To use static pages for nextjs using s3/cloudfront, you need enable website hosting on the s3 bucket. Copy the Bucket website endpoint and paste that as the cloudfront origin. NOTE: you will have to make the s3 bucket public for this to work. Optionally, you can use a header referrer to restrict access to the s3 bucket. Follow this documentation to see how you can host a static website with bucket endpoints.

https://repost.aws/knowledge-center/cloudfront-serve-static-website

Upvotes: 0

rayman
rayman

Reputation: 21

Followup to Shorn's self-answer of using the as field in the next/link component. This worked for me, however it would fail if I refreshed the page I was on.

Instead, I used exportPathMap to link my pages to a page.html equivalent that would be created when running next export.

The downside of this approach is that when running next start, those .html files will not be created or accessible. They will, however, from next dev. As I am creating a purely static website, I've now just been using next dev.

While making this change I was validating by manually copying my built assets from next export into S3 and hosting in CloudFront as Shorn was doing -- I no longer do this to validate and haven't had issues so far.

If anyone knows, let me know what I else may be missing by ignoring next start as part of development. This solution has worked for me so far though.

Upvotes: 2

Shorn
Shorn

Reputation: 21544

Alternate answer if you want your URLs to be "clean" and not have .html on the end.

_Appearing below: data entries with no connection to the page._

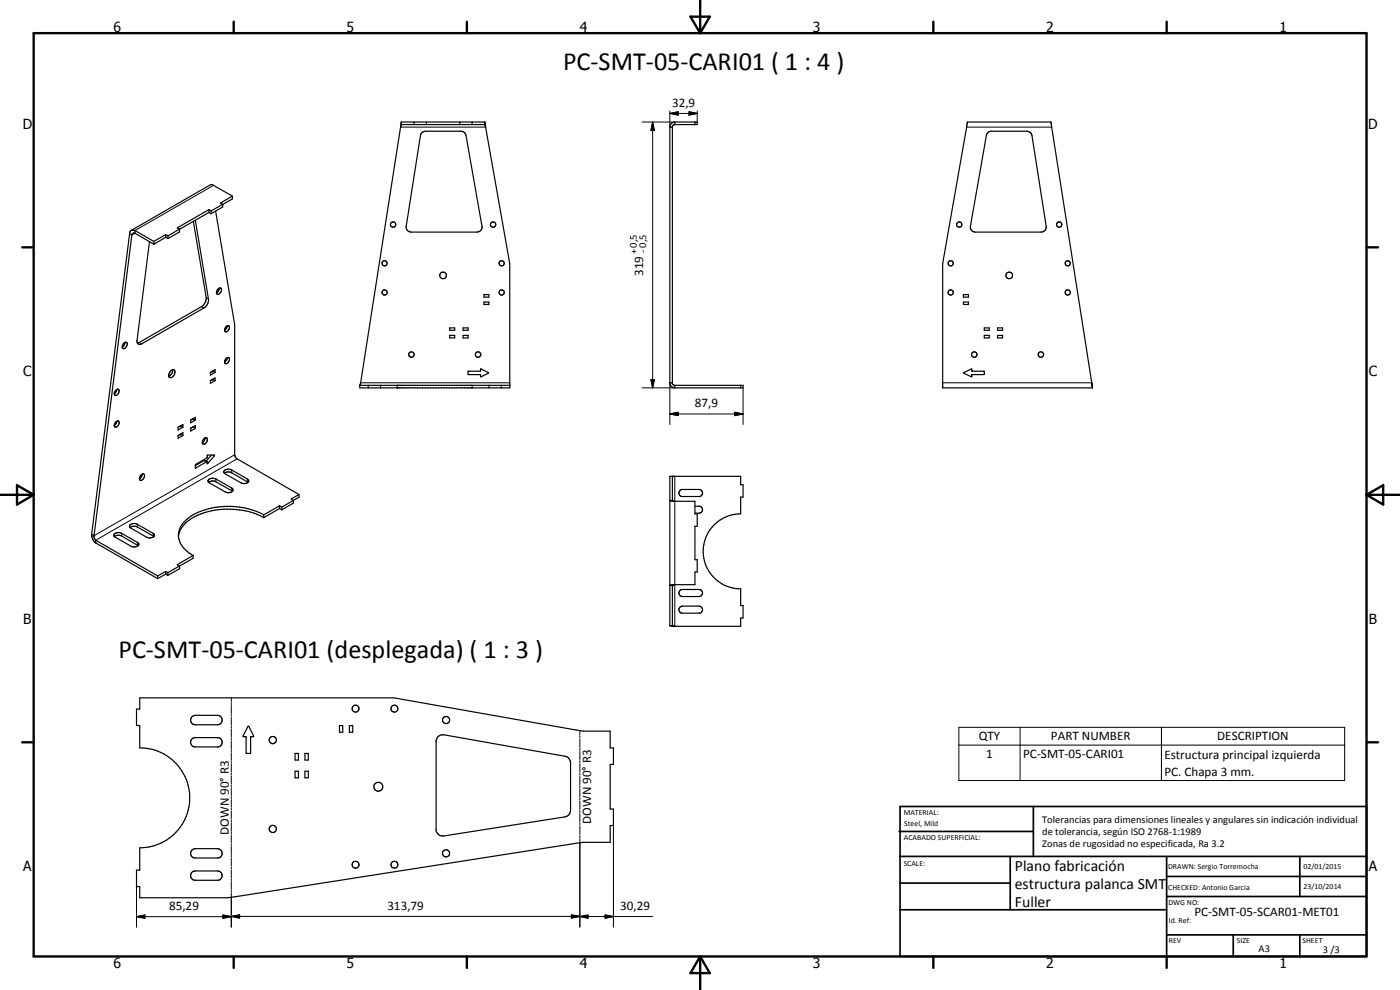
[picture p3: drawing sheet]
<svg xmlns="http://www.w3.org/2000/svg" width="420mm" height="297mm" viewBox="0 0 420 297" stroke-linecap="round" stroke-linejoin="round" font-family="sans-serif">
<g fill="none" stroke="#000" stroke-width=".35">
<path d="M120.2 38.1l-12.2 77.5M120.5 37.4h25M120.5 37.4v-.8h25v.8M120.5 36.7l-.3 1.4M120.5 37.4l-.3 .7M124.2 36.6v.8M126.5 39.9l1.2-.5h10.7l.8 .2 .4 .4 5 27.9a1.49 1.49 0 0 1-1.4 1.7h-19.8a1.48 1.48 0 0 1-1.5-1.7l4.3-27.3zM128 36.6v.8M138 36.6v.8M141.7 36.6v.8M145.5 37.4l.2 .7M145.5 36.7l.2 1.4"/>
<path d="M145.7 38.1l7.3 41v37.3h-45v-.8h45M201 38.1v76.8M201 38.1h.8M202.5 36.6h6.7v.8h-6.8l-.6 .6v77.2l.6 .4h20.6v.8h-20.5M202.5 36.6v.8M202.5 36.6l-.8 .3-.4 .4-.3 .8M208.6 36.6v.8M69.8 58.8l-3.6 2.1 .6 .4M69.8 58.8v.9l-3 1.6M69.8 58.8l-6-3.3-.6-.1-23.8 13.7M296.2 40l.5-.4 .8-.2h10.7l.7 .2 .6 .5 4.5 27.8a1.5 1.5 0 0 1-1.5 1.7h-19.8a1.44 1.44 0 0 1-1.5-1.7zM38.9 70.1l-11.4 90.2"/>
<path d="M38.9 70.1l.7 .4M39.4 69.1l1.1 .1M39.4 69.1l-.4 .4-.1 .6M39.6 70.5l-11.4 90.2M40.5 70l5.7 3.3M40.5 69.2l5.7 3.2M40.5 69.2v.8M40.5 70h-.6l-.3 .5M46.2 72.4v.9M49.7 70.4v.8M49.7 71.2l-3.5 2.1M49.7 71.2l.7 .4"/>
<path d="M49.7 70.4l.7 .4M49.7 70.4l-3.5 2M50.4 70.8v.8M53.9 68.7v.9l-3.5 2M53.9 68.7l-3.5 2.1M58 66.4l3.9 22.9a3.1 3.1 0 0 1-1.4 2.7l-19.3 11M58.6 66.1l4 23.9a3 3 0 0 1-1.4 2.4l-18.7 10.8a.91 .91 0 0 1-1.1 0 .91 .91 0 0 1-.3-1.1l3.8-29.6M62.7 63.8l.7 .3M62.7 62.9l.7 .4M62.7 62.9v.9M62.7 62.9l-9.5 5.5 .7 .3M62.7 63.8l-8.8 5"/>
<path d="M63.4 63.3v.8M64.7 63.4l5.7 34.1v39.1l.8 1.1 18.5 10.7M66.8 61.3v.8l-3.4 2M66.8 61.3l-3.4 2M65.3 86.9l.9-.5a1.23 1.23 0 0 1-1.1 1.9l-.1-.7zM65.8 86.5l-.2 .7-.6 .6M68 97.8l.4-.1a.99 .99 0 0 1 .5 1.1 .99 .99 0 0 1-.9 .7l-.3 .1a1.11 1.11 0 0 1 .3-1.8zM68.1 97.8l-.1 .6-.6 .7M134.9 98.4h1.6v.7h-1.6zM139 98.4h1.5v.7h-1.5zM145.2 88.4h1.5v.8h-1.5zM145.2 90.6h1.5v.8h-1.5z"/>
<path d="M289.1 88.4h1.5v.8h-1.5zM289.1 90.6h1.5v.8h-1.5zM295.4 98.4h1.5v.7h-1.5zM299.4 98.4h1.5v.7h-1.5zM34.7 117.1a.57 .57 0 0 1 .9-.3 .57 .57 0 0 1 .1 .9l-.7 .9-.6-.1v-.8zM35 116.8l-.3 .9-.4 .5M37.2 103a.56 .56 0 0 1 .8-.3 .56 .56 0 0 1 .1 .8 .9 .9 0 0 1-.4 .9 .9 .9 0 0 1-.9 0l-.1-.5zM37.5 102.7l-.2 .8-.6 .6M51.3 111.3l.7-.4a1.11 1.11 0 0 1 0 1.9l-.3 .4a.61 .61 0 0 1-.7 .1 .61 .61 0 0 1-.4-.6zM51.8 111a1.9 1.9 0 0 1-1.1 1.9M63.1 111.8l.7-.5 .7 .5M63.1 111.8l1.4-.9v.9"/>
<path d="M63.1 114.2l1.4-.8v.8M63.1 111.8v.8l1.4-.8M63.1 114.2v.8l1.4-.8M63.1 114.2l.7-.4 .7 .4M67.9 107.5l.6-.3 .4 .4-.5 1.2a.54 .54 0 0 1-.6 .3 .54 .54 0 0 1-.4-.5zM68.1 107.3l-.1 .6-.6 .7M110.5 115.6v.8M114.2 115.6v.8M119.2 115.6v.8M134.9 100.6h1.6v.8h-1.6zM139 100.6h1.5v.8h-1.5zM140.5 112.3v.1"/>
<path d="M141.7 115.6v.8M146.5 111.8l-2.2-1.1-.1 .7h-3.7v.9M146.5 111.8h.1M146.5 111.8v.2l-2.1 1-.2-.1v-.5h-3.7M146.8 115.6v.8M150.4 115.6v.8M201 114.9a1.52 1.52 0 0 0 1.5 1.5M201 114.9h.8M202.5 115.6v.8M222.3 115.6v.8M289.3 111.8h.1M291.6 111.3h.1"/>
<path d="M291.6 111.3l-.1-.6-2.2 1.1M291.7 111.3l3.6 .1 .1 .9-3.7 .1-.1 .6h-.1l-2.2-1v-.2M295.4 100.6h1.5v.8h-1.5zM299.4 100.6h1.5v.8h-1.5zM327.6 114.9l-12.2-78.2-25-.1-7.5 42.5v37.3h45M327.6 114.9l.3 1.5M327.6 114.9l.3 1.4M34.7 126.6a.52 .52 0 0 1 .6-.3 .52 .52 0 0 1 .5 .5 1.04 1.04 0 0 1-1.4 1.2v-.7zM35 126.4l-.3 .9-.4 .4M53.5 128.2l.7-.4 .7 .4M53.5 128.2l1.4-.8v.8M53.5 130.7l1.4-.9v.9l-1.4 .8z"/>
<path d="M53.5 128.2v.8l1.4-.8M54.2 130.3l.7 .4M57.2 126l.7-.4 .7 .4M57.2 126l1.4-.8v.8M57.2 128.5l1.4-.8v.8l-1.4 .8zM57.2 126v.9l1.4-.9M57.9 128.1h.1M57.9 128.1l.7 .4M57.9 128.1l-.7 .4M61.2 131.7a.64 .64 0 0 1 .9-.3 .64 .64 0 0 1 0 1.1 .91 .91 0 0 1-1.3 .6v-.8zM61.5 131.4l-.1 .6-.7 .8M62.1 138.5l.2 .6 2.1-2.5-2.1-.1-.2 .9-3.4 2v1"/>
<path d="M62.1 138.5l-.7-.4-2.8 1.6M62.1 138.5l-3.4 2M63.5 136.5l-1.6 1.8M39.1 158.3a2.01 2.01 0 0 1 2.1-.2l5 2.9M39.1 158.3l-.2-.3a1.5 1.5 0 0 1 2.3-.7l4.9 2.8 .3 .5-.3 .4M39.1 158.3l4.9 2.9a2.01 2.01 0 0 0 2.1-.2M42.3 142.5l.5-.3a.63 .63 0 0 1 .6 .4 .63 .63 0 0 1-.1 .7l-.5 .6-.6 .2a1.05 1.05 0 0 1 .1-1.6zM42.7 142.2l-.1 .7-.7 .8M58.7 140.4v.1M62.5 144a1.99 1.99 0 0 1 2.3-.3l4.7 2.7a.79 .79 0 0 1 .3 1 .79 .79 0 0 1-1 .4l-1-.1-5-2.8-.4-.5zM62.6 144.7a1.91 1.91 0 0 1 2.2-.1l5 2.8M67.3 141.3l.5-.4h1.5l4.9 2.8a.6 .6 0 0 1 .5 .6 .6 .6 0 0 1-.5 .6l-.7 .2-1.2-.2-4.7-2.7-.4-.5z"/>
<path d="M67.3 142a1.96 1.96 0 0 1 2.2-.1l5 2.8M79.2 154.5v.8M79.2 154.5a22.9 22.9 0 0 0-22.5 .8 5.9 5.9 0 0 0-1.9 8.7l1.4 1.4 1.7 1.3M79.2 155.3a23 23 0 0 0-22.4 .7 6.7 6.7 0 0 0-3.3 5M83.9 152.6l.7 .4M83.9 151.8l.7 .3M83.9 151.8v.8M83.9 151.8l-4.7 2.7M83.9 152.6l-4.7 2.7M84.6 152.1v.9M89.7 148.4l-2.3 1.3 .6 .5v.8l-3.4 2M89.7 148.4v.8l-5.1 2.9"/>
<path d="M201.8 142.9v7.3M201.8 150.2h-.8l1.5 .2M201.8 150.2h.1M201.8 150.2l.7 .2M202.5 150.4h6.1v3.8h.6v3.7h-.6v10h.6v3.7h-.6v3.8h-6.3l-1.2 .2M204.1 147.1l.7-.2h5a1.07 1.07 0 0 1 1 .9 1.07 1.07 0 0 1-.8 1.2h-5.5a1.09 1.09 0 0 1-.4-1.9zM208.6 151.9h1.4a1.06 1.06 0 0 1 .9 1 1.06 1.06 0 0 1-.9 1.1h-1.4M27.5 160.3l.4 1.7 .8 .9M27.5 160.3l.7 .4M28.2 160.7l.1 .8 .4 .6M28.7 162.9l18.6 10.7M28.7 162.1l18.6 10.7"/>
<path d="M28.7 162.1v.8M34.2 160.3a1.99 1.99 0 0 1 2.3-.3l4.7 2.7a.69 .69 0 0 1 .4 .9 .69 .69 0 0 1-.8 .4l-1.5-.1-4.9-2.9zM34.3 161a2.06 2.06 0 0 1 2.2-.2l5 2.9M47.3 172.8v.8M49.7 172.3l.7 .3M49.7 171.4l.7 .4M49.7 171.4v.9M49.7 171.4l-2.4 1.4M49.7 172.3l-2.4 1.3M50.4 171.8v.8M53.9 169.8v.8l-3.5 2M53.9 169.8l-3.5 2"/>
<path d="M57.9 166.7v.8l-4 2.3M57.9 166.7l-4.7 2.7 .7 .4M201 175.6h.8M201.8 175.6v12.1M202.4 175.4l-.6 .2M204.1 177.1l.7-.2h5a1.06 1.06 0 0 1 1 1 1.06 1.06 0 0 1-1 1.1h-5a1.08 1.08 0 0 1-1-.7 1.08 1.08 0 0 1 .3-1.2zM201.1 187.7l1.4 .2M201.8 187.7h-.8v-44.8h21.3v2.6h.7v3.6h-.7v5.1a11.2 11.2 0 0 0-11.3 11.2 11.2 11.2 0 0 0 11.3 11.3v5h.7v3.7h-.7v2.5h-19.8M201.8 187.7h.1M201.8 187.7l.7 .2M204.1 182.1l.7-.2h5a1.06 1.06 0 0 1 1.1 1 1.06 1.06 0 0 1-1.1 1.1h-5a1.06 1.06 0 0 1-1-.7 1.06 1.06 0 0 1 .3-1.2zM41.9 209.4h76.3l54.7 9.6 2.2 .4h8v5h1v5h-1v13.3h1v5h-1v5h-8l-2.2 .3-104.6 16.4h-26.4v-3.4h-.9v-4.9h.9v-6.7a15 15 0 0 0 15.1-15 15 15 0 0 0-15.1-15v-6.7h-.9v-4.9h.9z"/>
<path d="M57.6 215.1l1-.5h6.7a1.42 1.42 0 0 1 1.4 1.4 1.42 1.42 0 0 1-1.4 1.5h-6.7a1.42 1.42 0 0 1-1.3-.9 1.42 1.42 0 0 1 .3-1.5zM74.4 218h.3l1.4 2.8-.1 .2-.8 .1v4.8l-.2 .2-1.1-.2v-4.8l-.9-.1zM101.9 217.7h1v2h-1zM104.8 217.7h1.1v2h-1.1zM57.4 221.9l.7-.5 .5-.1h6.7a1.4 1.4 0 0 1 1.4 1.4 1.4 1.4 0 0 1-1.4 1.4h-6.7a1.4 1.4 0 0 1-1.3-.7 1.4 1.4 0 0 1 .1-1.5zM88.5 231.4h1.1v2h-1.1zM88.5 226.1h1.1v1.9h-1.1zM91.5 231.4h1v2h-1zM91.5 226.1h1v1.9h-1zM131.3 221.1l1.2-.6h.7l36.4 6.4a2.09 2.09 0 0 1 1.6 2v14.2a1.99 1.99 0 0 1-1.7 2l-36.3 5.7a2.03 2.03 0 0 1-2.3-1.6v-27.1zM57.6 255.1l1-.5h6.7a1.41 1.41 0 0 1 1.4 1.3 1.41 1.41 0 0 1-1.1 1.5h-7.3a1.41 1.41 0 0 1-.7-2.3zM57.4 261.9l.7-.5 .5-.1h6.7a1.4 1.4 0 0 1 1.4 1.4 1.4 1.4 0 0 1-1.4 1.4h-6.7a1.42 1.42 0 0 1-1.2-2.2z"/>
<circle cx="115.4" cy="79" r=".79"/>
<circle cx="118" cy="67.4" r=".8"/>
<circle cx="148" cy="67.4" r=".8"/>
<circle cx="150.6" cy="79" r=".78"/>
<circle cx="285.3" cy="79" r=".78"/>
<circle cx="287.9" cy="67.4" r=".79"/>
<circle cx="317.9" cy="67.4" r=".8"/>
<circle cx="320.4" cy="79" r=".77"/>
<circle cx="115.4" cy="87.7" r=".79"/>
<circle cx="133" cy="82.6" r=".99"/>
<circle cx="150.6" cy="87.7" r=".79"/>
<circle cx="285.3" cy="87.8" r=".78"/>
<circle cx="302.9" cy="82.7" r="1"/>
<circle cx="320.4" cy="87.8" r=".78"/>
<circle cx="123.5" cy="106.4" r=".82"/>
<circle cx="143.5" cy="106.4" r=".82"/>
<circle cx="292.4" cy="106.4" r=".82"/>
<circle cx="312.4" cy="106.4" r=".83"/>
<circle cx="106.7" cy="212.6" r="1.04"/>
<circle cx="118.4" cy="212.6" r="1.04"/>
<circle cx="133.9" cy="216" r="1.07"/>
<circle cx="81.9" cy="222.1" r="1.09"/>
<circle cx="113.5" cy="236.1" r="1.33"/>
<circle cx="81.9" cy="248.7" r="1.09"/>
<circle cx="106.7" cy="259.5" r="1.03"/>
<circle cx="118.4" cy="259.5" r="1.05"/>
<circle cx="133.9" cy="256" r="1.07"/>
</g>
<g fill="#000">
<circle cx="120.5" cy="37.4" r=".18"/>
<circle cx="145.5" cy="37.4" r=".18"/>
<circle cx="63.8" cy="113.8" r=".18"/>
<circle cx="63.8" cy="111.3" r=".18"/>
<circle cx="153" cy="115.6" r=".18"/>
<circle cx="327.9" cy="115.6" r=".18"/>
<circle cx="54.2" cy="127.8" r=".18"/>
<circle cx="54.2" cy="130.3" r=".18"/>
<circle cx="57.9" cy="125.6" r=".18"/>
<circle cx="61.4" cy="138.1" r=".18"/>
<circle cx="201.8" cy="175.6" r=".18"/>
<circle cx="201.8" cy="187.7" r=".18"/>
</g>
<g fill="none" stroke="#000" stroke-width=".3">
<path d="M120.2 38.1h25.5M192.7 36.6h9.8M195.9 36.6l.5 2.5h-1zM195.9 36.6v79.8M201 34l2.5-.5v1zM201 34h8.2M201 33.3v4.8M206.8 33.5l2.4 .5-2.4 .5zM209.2 33.3v3.3M290.1 38.1h25.5M64.1 55.6l-23.6 13.6M40.5 70l-.9 .5"/>
<path d="M60.5 92l.7 .4M61.9 89.3l.7 .4M41.8 102.7l.7 .5M108.2 114.9h44.8M192.7 116.4h9.8M195.4 113.9h1l-.5 2.5zM201 114.9v12.5M223 116.4v11M282.9 114.9h44.7M61.4 138.1l.6 .4M62.2 139l.1 .1M63.9 136.5l.4 .3"/>
<path d="M70.4 136.4l-42.2 24.3M71.2 137.7l-42.5 24.4M201 124.2l2.5-.5v1zM201 124.2h22M220.5 123.7l2.5 .5-2.5 .5zM41.2 157.3v.8M58.6 140.3l.1 .1M64.8 143.7v.9M69.5 141v.9M69.5 146.4v.8M74.2 143.7v.9M202.5 142.9v45"/>
<path d="M36.5 160v.8M41.2 162.7v.9M46 160v.8M69.4 209.4v1.2M69.4 210.9v.6M69.4 211.7v2.4M69.4 214.4v.5M69.4 215.3v2.3M69.4 217.9v.6M69.4 218.8v2.3M174 219.2v1.3M287.8 218.2h115.8v16h-115.8z"/>
<path d="M306.1 218.2v16M348.6 218.2v16M69.4 221.4v.6M69.4 222.3v2.4M69.4 224.9v.6M69.4 225.8v2.3M69.4 228.5v.5M69.4 229.3v2.4M69.4 231.9v.6M69.4 232.8v2.4M69.4 235.5v.6M69.4 236.4v2.3"/>
<path d="M69.4 239v.6M69.4 239.9v2.3M174 220.8v.6M174 221.7v2.5M174 224.5v.6M174 225.4v2.5M174 228.2v.7M174 229.2v2.4M174 232v.6M174 232.9v2.5M174 235.7v.6M174 236.6v2.5"/>
<path d="M174 239.4v.7M287.8 223.6h115.8M69.4 242.5v.6M69.4 243.4v2.3M69.4 246v.6M69.4 246.9v2.4M69.4 249.6v.5M69.4 250.4v2.4M69.4 253.1v.6M69.4 254v2.3M69.4 256.6v.6M69.4 257.5v2.3"/>
<path d="M174 240.4v2.5M174 243.2v.6M174 244.1v2.5M174 246.9v.7M174 247.9v2.5M174 250.7v.6M174 251.6v26.6M184.1 247.7v30.5M41 275l2.5-.5v1zM41 275h28.4M41 266v12.2M66.9 274.5l2.5 .5-2.5 .5z"/>
<path d="M69.4 275l2.5-.5v1zM69.4 260.1v.6M69.4 261v2.4M69.4 263.7v.5M69.4 264.5v2.4M69.4 267.2v.6M69.4 268.1v10.1M69.4 275h126.4M171.5 274.5l2.5 .5-2.5 .5zM174 275l2.5-.5v1zM181.6 274.5l2.5 .5-2.5 .5z"/>
</g>
<g fill="none" stroke="#000" stroke-width=".71">
<path d="M10.1 9.9h400v277.1h-400zM70.1 6.5v3.4M140.1 6.5v3.4M207.2 5h5.8l-2.9 4.9zM210.1 0v9.9M280.1 6.5v3.4M350.1 6.5v3.4M6.7 74.2h3.4M410.1 74.2h3.5M.1 148.5h10M5.1 145.6l5 2.9-5 2.9zM410.1 148.5h10"/>
<path d="M410.1 148.5l5-2.9v5.8zM6.7 222.7h3.4M410.1 222.7h3.5M70.1 287v3.4M140.1 287v3.4M210.1 287v10M210.1 287l2.9 5h-5.8zM280.1 287v3.4M350.1 287v3.4"/>
</g>
<g fill="none" stroke="#000" stroke-width=".51">
<path d="M269.8 249.5h40.3M270.1 242h140v45h-140zM270.1 257h140M303.2 257v16M310.1 242v15M350.1 257v30M390.1 257v12M270.1 265h33.1M270.1 273h80M350.1 269h60M350.1 263h60M350.1 280.5h60"/>
<path d="M370.1 280.5v6.5M390.1 280.5v6.5"/>
</g>
<path d="M195.9 36.6l.5 2.5h-1zM201 34l2.5-.5v1zM206.8 33.5l2.4 .5-2.4 .5zM195.4 113.9h1l-.5 2.5zM201 124.2l2.5-.5v1zM220.5 123.7l2.5 .5-2.5 .5zM41 275l2.5-.5v1zM66.9 274.5l2.5 .5-2.5 .5zM69.4 275l2.5-.5v1zM171.5 274.5l2.5 .5-2.5 .5zM174 275l2.5-.5v1zM181.6 274.5l2.5 .5-2.5 .5z" fill="#000"/>
<g font-size="7.9">
<text x="169" y="20.9">PC-SMT-05-CARI01 ( 1 : 4 )</text>
<text x="35.5" y="197.5">PC-SMT-05-CARI01 (desplegada) ( 1 : 3 )</text>
</g>
<g font-size="4.7">
<text x="304.6" y="261.2">Plano fabricación</text>
<text x="304.6" y="266.6">estructura palanca SMT</text>
<text x="304.6" y="272">Fuller</text>
</g>
<g font-size="4.2">
<text x="34" y="9.6">6</text>
<text x="104" y="9.6">5</text>
<text x="174" y="9.6">4</text>
<text x="244" y="9.6">3</text>
<text x="314" y="9.6">2</text>
<text x="384" y="9.6">1</text>
<text x="6.8" y="38.7">D</text>
<text x="410.6" y="38.7">D</text>
<text x="7" y="112.9">C</text>
<text x="410.8" y="112.9">C</text>
<text x="7" y="187.1">B</text>
<text x="410.8" y="187.1">B</text>
<text x="7" y="261.4">A</text>
<text x="410.8" y="261.4">A</text>
<text x="34" y="290.4">6</text>
<text x="104" y="290.4">5</text>
<text x="174" y="290.4">4</text>
<text x="244" y="290.4">3</text>
<text x="314" y="290.4">2</text>
<text x="384" y="290.4">1</text>
</g>
<g font-size="3.9">
<text x="201.7" y="32">32,9</text>
<text x="193" y="82.8" transform="rotate(-90 193 82.8)">319</text>
<text x="208.6" y="122.2">87,9</text>
<text x="293.7" y="222.2">QTY</text>
<text x="296" y="227.5">1</text>
<text x="307.1" y="227.5">PC-SMT-05-CARI01</text>
<text x="315.4" y="222.2">PART NUMBER</text>
<text x="349.4" y="227.6">Estructura principal izquierda</text>
<text x="365.3" y="222.2">DESCRIPTION</text>
<text x="349.4" y="232.9">PC. Chapa 3 mm.</text>
<text x="68.7" y="250.5" transform="rotate(-90 68.7 250.5)">DOWN 90° R3</text>
<text x="177.4" y="247.2" transform="rotate(-90 177.4 247.2)">DOWN 90° R3</text>
<text x="50.7" y="272.9">85,29</text>
<text x="116.3" y="272.9">313,79</text>
<text x="186.1" y="272.9">30,29</text>
<text x="358.5" y="275">PC-SMT-05-SCAR01-MET01</text>
</g>
<g font-size="3.1">
<text x="191.3" y="76.1" transform="rotate(-90 191.3 76.1)">+0,5</text>
<text x="193.9" y="75.8" transform="rotate(-90 193.9 75.8)">-0,5</text>
<text x="312.7" y="246.8">Tolerancias para dimensiones lineales y angulares sin indicación individual</text>
<text x="312.7" y="250.4">de tolerancia, según ISO 2768-1:1989</text>
<text x="312.7" y="254">Zonas de rugosidad no especificada, Ra 3.2</text>
<text x="377.7" y="285.6">A3</text>
<text x="397" y="285.9">3 /3</text>
</g>
<g font-size="2.4">
<text x="271.2" y="244.4">MATERIAL:</text>
<text x="271.3" y="252">ACABADO SUPERFICIAL:</text>
<text x="271.4" y="247.9">Steel, Mild</text>
<text x="271.2" y="259.7">SCALE:</text>
<text x="350.6" y="260.8">DRAWN: Sergio Torremocha</text>
<text x="391.2" y="260.6">02/01/2015</text>
<text x="350.6" y="267">CHECKED: Antonio Garcia</text>
<text x="391.2" y="266.7">23/10/2014</text>
<text x="350.6" y="271.4">DWG NO:</text>
<text x="350.8" y="276.9">Id. Ref:</text>
<text x="350.8" y="282.8">REV</text>
<text x="371.2" y="282.9">SIZE</text>
<text x="390.9" y="282.9">SHEET</text>
</g>
</svg>

To get Next.js default URL links working properly with S3/Cloudfront, you must configure the "add a trailing slash" option in your next.config.js:

module.exports = {
  trailingSlash: true,
}

As per the documentation

export pages as index.html files and require trailing slashes, /about becomes /about/index.html and is routable via /about/. This was the default behavior prior to Next.js 9.

So now you can leave your Link definition as:

<Link href="/Pricing">
  <a>Pricing</a>
</Link>

This causes Next.js to do two things:

  • use the url example.com/Pricing/ - note the / on the end
  • generate each page as index.html in it's own directory - e.g. /Pricing/index.html

Many HTML servers, in their default configuration, will serve up the index.html from inside the matching directory if they see a trailing / character in the URL.

S3 will do this also, if you have it set up to serve as a website and IFF you access the URL through the website endpoint, as opposed to the REST endpoint.

So your Cloudfront distribution origin must be configured as a Origin type = Custom Origin pointing at a domain something like example.com.s3-website.us-east-1.amazonaws.com, not as an S3 Origin.

If you have your Cloudfront/S3 mis-configured, when you hit a "trailing slash" style URL - you will probably see your browser download a file of type binary/octet-stream containing 0 bytes.


Edit: Beware pages with . characters, as per issue 16617.